Gear complements completed and baggage trolleys piled high, the friendly Seven Seas crew rounded us up and escorted us aboard, where we installed ourselves and were given an introductory briefing before cruising out of Sorong for a first check out dive. The Seven Seas newcomers amongst us spent that first afternoon marveling at the beautiful traditional lines of the vessel with upturned bow, the eight double cabins, with en-suite bathrooms, various areas for socializing and taking the breezes, and the great systems in place for everything.

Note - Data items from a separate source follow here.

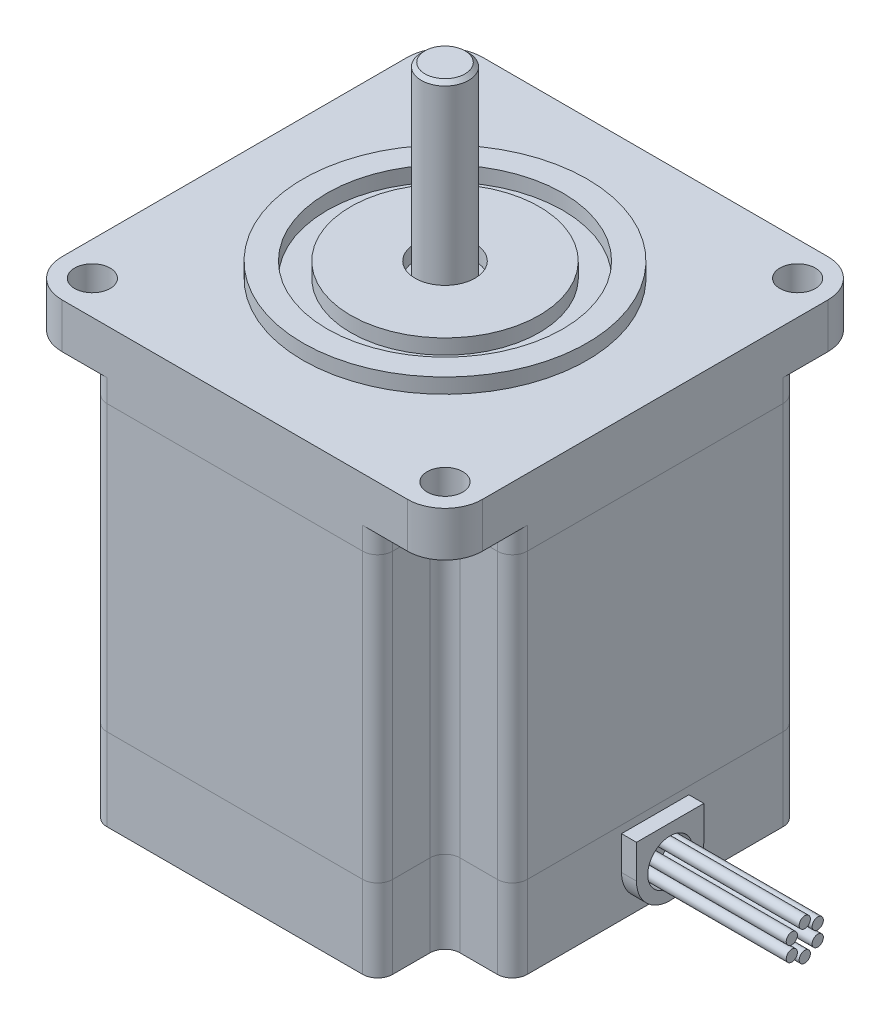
from build123d import *

# Parameters (mm, degrees)
SKETCH1_W             = 56.2
SKETCH1_H             = 56.2
SKETCH1_R             = 2.375
BOSS_EXTRUDE2_DEPTH   = 11
SKETCH2_W             = 56.2
SKETCH2_H             = 56.2
SKETCH2_R             = 2.375
BOSS_EXTRUDE3_DEPTH   = 38
SKETCH3_W             = 56.2
SKETCH3_H             = 56.2
SKETCH3_R             = 2.375
BOSS_EXTRUDE4_DEPTH   = 9
SKETCH4_R             = 3
BOSS_EXTRUDE5_DEPTH   = 2
SKETCH5_R             = 0.75
BOSS_EXTRUDE6_DEPTH   = 20
BOSS_EXTRUDE6_2_DEPTH = 20
BOSS_EXTRUDE6_3_DEPTH = 20
BOSS_EXTRUDE6_4_DEPTH = 20
BOSS_EXTRUDE6_5_DEPTH = 20
BOSS_EXTRUDE6_6_DEPTH = 20
SKETCH6_R             = 19
SKETCH6_R_2           = 15.75
SKETCH6_R_3           = 12.6
SKETCH6_R_4           = 4
BOSS_EXTRUDE7_DEPTH   = 2
SKETCH7_R             = 3.175
BOSS_EXTRUDE8_DEPTH   = 25
SKETCH11_W            = 9
SKETCH11_H            = 9
CUT_EXTRUDE1_DEPTH    = 52
FILLET1_R             = 5
FILLET2_R             = 2
FILLET3_R             = 2
CHAMFER1_SIZE         = 0.5
FILLET4_R             = 2


with BuildPart() as part:
    # Sketch1 → Boss-Extrude2 (new body)
    with BuildSketch(Plane(origin=(0, 0, 0), x_dir=(1, 0, 0), z_dir=(0, 1, 0))):
        Rectangle(SKETCH1_W, SKETCH1_H)
        with Locations(Location((23.57, 23.57, 0), (0, 0, 270))):
            Circle(SKETCH1_R, mode=Mode.SUBTRACT)
        with Locations(Location((23.57, -23.57, 0), (0, 0, 270))):
            Circle(SKETCH1_R, mode=Mode.SUBTRACT)
        with Locations(Location((-23.57, -23.57, 0), (0, 0, 270))):
            Circle(SKETCH1_R, mode=Mode.SUBTRACT)
        with Locations(Location((-23.57, 23.57, 0), (0, 0, 270))):
            Circle(SKETCH1_R, mode=Mode.SUBTRACT)
    extrude(amount=BOSS_EXTRUDE2_DEPTH)


with BuildPart() as body_2:
    # Sketch2 → Boss-Extrude3 (new body)
    with BuildSketch(Plane(origin=(0, 11, 0), x_dir=(1, 0, 0), z_dir=(0, 1, 0))):
        Rectangle(SKETCH2_W, SKETCH2_H)
        with Locations(Location((-23.57, -23.57, 0), (0, 0, 270))):
            Circle(SKETCH2_R, mode=Mode.SUBTRACT)
        with Locations(Location((23.57, -23.57, 0), (0, 0, 270))):
            Circle(SKETCH2_R, mode=Mode.SUBTRACT)
        with Locations(Location((23.57, 23.57, 0), (0, 0, 270))):
            Circle(SKETCH2_R, mode=Mode.SUBTRACT)
        with Locations(Location((-23.57, 23.57, 0), (0, 0, 270))):
            Circle(SKETCH2_R, mode=Mode.SUBTRACT)
    extrude(amount=BOSS_EXTRUDE3_DEPTH)


with BuildPart() as body_3:
    # Sketch3 → Boss-Extrude4 (new body)
    with BuildSketch(Plane(origin=(0, 49, 0), x_dir=(1, 0, 0), z_dir=(0, 1, 0))):
        Rectangle(SKETCH3_W, SKETCH3_H)
        with Locations(Location((23.57, 23.57, 0), (0, 0, 270))):
            Circle(SKETCH3_R, mode=Mode.SUBTRACT)
        with Locations(Location((23.57, -23.57, 0), (0, 0, 270))):
            Circle(SKETCH3_R, mode=Mode.SUBTRACT)
        with Locations(Location((-23.57, -23.57, 0), (0, 0, 270))):
            Circle(SKETCH3_R, mode=Mode.SUBTRACT)
        with Locations(Location((-23.57, 23.57, 0), (0, 0, 270))):
            Circle(SKETCH3_R, mode=Mode.SUBTRACT)
    extrude(amount=BOSS_EXTRUDE4_DEPTH)

    # Sketch6 → Boss-Extrude7 (add)
    # profile 1 of 2: a face of its own
    with BuildSketch(Plane(origin=(0, 58, 0), x_dir=(1, 0, 0), z_dir=(0, 1, 0))):
        with Locations(Location((0, 0, 0), (0, 0, 270))):
            Circle(SKETCH6_R)
        with Locations(Location((0, 0, 0), (0, 0, 270))):
            Circle(SKETCH6_R_2, mode=Mode.SUBTRACT)
    # profile 2 of 2: a face of its own
    with BuildSketch(Plane(origin=(0, 58, 0), x_dir=(1, 0, 0), z_dir=(0, 1, 0))):
        with Locations(Location((0, 0, 0), (0, 0, 270))):
            Circle(SKETCH6_R_3)
        with Locations(Location((0, 0, 0), (0, 0, 270))):
            Circle(SKETCH6_R_4, mode=Mode.SUBTRACT)
    extrude(amount=BOSS_EXTRUDE7_DEPTH)


with BuildPart() as body_4:
    # Sketch4 → Boss-Extrude5 (new body)
    with BuildSketch(Plane(origin=(28.1, 0, 0), x_dir=(0, 0, -1), z_dir=(1, 0, 0))):
        with BuildLine():
            Line((-4.5, 5.5), (-4.5, 10))
            Line((-4.5, 10), (4.5, 10))
            Line((4.5, 10), (4.5, 5.5))
            ThreePointArc((4.5, 5.5), (0, 1), (-4.5, 5.5))
        make_face()
        with Locations((0, 5.5)):
            Circle(SKETCH4_R, mode=Mode.SUBTRACT)
    extrude(amount=BOSS_EXTRUDE5_DEPTH)


with BuildPart() as body_5:
    # Sketch5 → Boss-Extrude6 (new body)
    with BuildSketch(Plane(origin=(28.1, 0, 0), x_dir=(0, 0, -1), z_dir=(1, 0, 0))):
        with Locations((-1.732050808, 4.5)):
            Circle(SKETCH5_R)
    extrude(amount=BOSS_EXTRUDE6_DEPTH)


with BuildPart() as body_6:
    # Sketch5 → Boss-Extrude6 2 (new body)
    with BuildSketch(Plane(origin=(28.1, 0, 0), x_dir=(0, 0, -1), z_dir=(1, 0, 0))):
        with Locations((0, 3.5)):
            Circle(SKETCH5_R)
    extrude(amount=BOSS_EXTRUDE6_2_DEPTH)


with BuildPart() as body_7:
    # Sketch5 → Boss-Extrude6 3 (new body)
    with BuildSketch(Plane(origin=(28.1, 0, 0), x_dir=(0, 0, -1), z_dir=(1, 0, 0))):
        with Locations((-1.732050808, 6.5)):
            Circle(SKETCH5_R)
    extrude(amount=BOSS_EXTRUDE6_3_DEPTH)


with BuildPart() as body_8:
    # Sketch5 → Boss-Extrude6 4 (new body)
    with BuildSketch(Plane(origin=(28.1, 0, 0), x_dir=(0, 0, -1), z_dir=(1, 0, 0))):
        with Locations((0, 7.5)):
            Circle(SKETCH5_R)
    extrude(amount=BOSS_EXTRUDE6_4_DEPTH)


with BuildPart() as body_9:
    # Sketch5 → Boss-Extrude6 5 (new body)
    with BuildSketch(Plane(origin=(28.1, 0, 0), x_dir=(0, 0, -1), z_dir=(1, 0, 0))):
        with Locations((1.732050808, 6.5)):
            Circle(SKETCH5_R)
    extrude(amount=BOSS_EXTRUDE6_5_DEPTH)


with BuildPart() as body_10:
    # Sketch5 → Boss-Extrude6 6 (new body)
    with BuildSketch(Plane(origin=(28.1, 0, 0), x_dir=(0, 0, -1), z_dir=(1, 0, 0))):
        with Locations((1.732050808, 4.5)):
            Circle(SKETCH5_R)
    extrude(amount=BOSS_EXTRUDE6_6_DEPTH)


with BuildPart() as body_11:
    # Sketch7 → Boss-Extrude8 (new body)
    with BuildSketch(Plane(origin=(0, 58, 0), x_dir=(1, 0, 0), z_dir=(0, 1, 0))):
        with Locations(Location((0, 0, 0), (0, 0, 270))):
            Circle(SKETCH7_R)
    extrude(amount=BOSS_EXTRUDE8_DEPTH)

    # Chamfer1
    chamfer1_edges = [body_11.edges().sort_by_distance(p)[0] for p in [
        (0, 83, -3.175),
    ]]
    chamfer(chamfer1_edges, length=CHAMFER1_SIZE)


with BuildPart() as cut_extrude1_tool:
    # Sketch11 → Cut-Extrude1 (new body)
    with BuildSketch(Plane.XZ):
        with Locations((-23.6, 23.6)):
            Rectangle(SKETCH11_W, SKETCH11_H)
        with Locations((23.6, 23.6)):
            Rectangle(SKETCH11_W, SKETCH11_H)
        with Locations((23.6, -23.6)):
            Rectangle(SKETCH11_W, SKETCH11_H)
        with Locations((-23.6, -23.6)):
            Rectangle(SKETCH11_W, SKETCH11_H)
    extrude(amount=-CUT_EXTRUDE1_DEPTH)


with BuildPart() as part_1:
    add(part.part)

    # Cut-Extrude1: cut by cut_extrude1_tool
    add(cut_extrude1_tool.part, mode=Mode.SUBTRACT)

    # Fillet2
    fillet2_edges = [part_1.edges().sort_by_distance(p)[0] for p in [
        (-19.1, 5.5, -28.1),
        (19.1, 5.5, -28.1),
        (28.1, 5.5, 19.1),
        (-19.1, 5.5, 28.1),
        (-19.1, 5.5, 19.1),
        (-28.1, 5.5, 19.1),
        (19.1, 5.5, 19.1),
        (19.1, 5.5, 28.1),
        (19.1, 5.5, -19.1),
        (28.1, 5.5, -19.1),
        (-19.1, 5.5, -19.1),
        (-28.1, 5.5, -19.1),
    ]]
    fillet(fillet2_edges, radius=FILLET2_R)


with BuildPart() as body_2_1:
    add(body_2.part)

    # Cut-Extrude1: cut by cut_extrude1_tool
    add(cut_extrude1_tool.part, mode=Mode.SUBTRACT)

    # Fillet3
    fillet3_edges = [body_2_1.edges().sort_by_distance(p)[0] for p in [
        (-19.1, 30, -28.1),
        (19.1, 30, -28.1),
        (28.1, 30, 19.1),
        (-19.1, 30, 28.1),
        (-19.1, 30, 19.1),
        (-28.1, 30, 19.1),
        (19.1, 30, 19.1),
        (19.1, 30, 28.1),
        (19.1, 30, -19.1),
        (28.1, 30, -19.1),
        (-28.1, 30, -19.1),
        (-19.1, 30, -19.1),
    ]]
    fillet(fillet3_edges, radius=FILLET3_R)


with BuildPart() as body_3_1:
    add(body_3.part)

    # Cut-Extrude1: cut by cut_extrude1_tool
    add(cut_extrude1_tool.part, mode=Mode.SUBTRACT)

    # Fillet1
    fillet1_edges = [body_3_1.edges().sort_by_distance(p)[0] for p in [
        (-28.1, 55, -28.1),
        (28.1, 55, -28.1),
        (28.1, 55, 28.1),
        (-28.1, 55, 28.1),
    ]]
    fillet(fillet1_edges, radius=FILLET1_R)

    # Fillet4
    fillet4_edges = [body_3_1.edges().sort_by_distance(p)[0] for p in [
        (-19.1, 50.5, 19.1),
        (-19.1, 50.5, 28.1),
        (-28.1, 50.5, 19.1),
        (19.1, 50.5, 19.1),
        (28.1, 50.5, 19.1),
        (19.1, 50.5, 28.1),
        (19.1, 50.5, -19.1),
        (19.1, 50.5, -28.1),
        (28.1, 50.5, -19.1),
        (-28.1, 50.5, -19.1),
        (-19.1, 50.5, -28.1),
        (-19.1, 50.5, -19.1),
    ]]
    fillet(fillet4_edges, radius=FILLET4_R)


solid = Compound([body_4.part, body_5.part, body_6.part, body_7.part, body_8.part, body_9.part, body_10.part, body_11.part, part_1.part, body_2_1.part, body_3_1.part])

The highlight and the low point of that first afternoon was the whale with calf (possibly Bryde's whales) spotted feeding along a tide-line, but the low point was the floating piles of plastic trash marking the tide-lines closer into Sorong, and which we never totally escaped-so shocking and sad to have plastic debris counterpointing such beauty.

Sea fans, coral, sweepers
Slingjaw wrasse and sea fan

A couple of hours out of Sorong we anchored in Teluk Markisa (Passion Fruit Bay) and completed our initial check dive, after which, we settled in with the equatorial sun setting over the top deck for a first night getting to know each other over evening drinks. With evident pride, Captain Mark also introduced his crew - more of an extended family really - impressing us all with the deep long term relationships (20+ years) that hold the vessel together and make it such an enjoyable experience.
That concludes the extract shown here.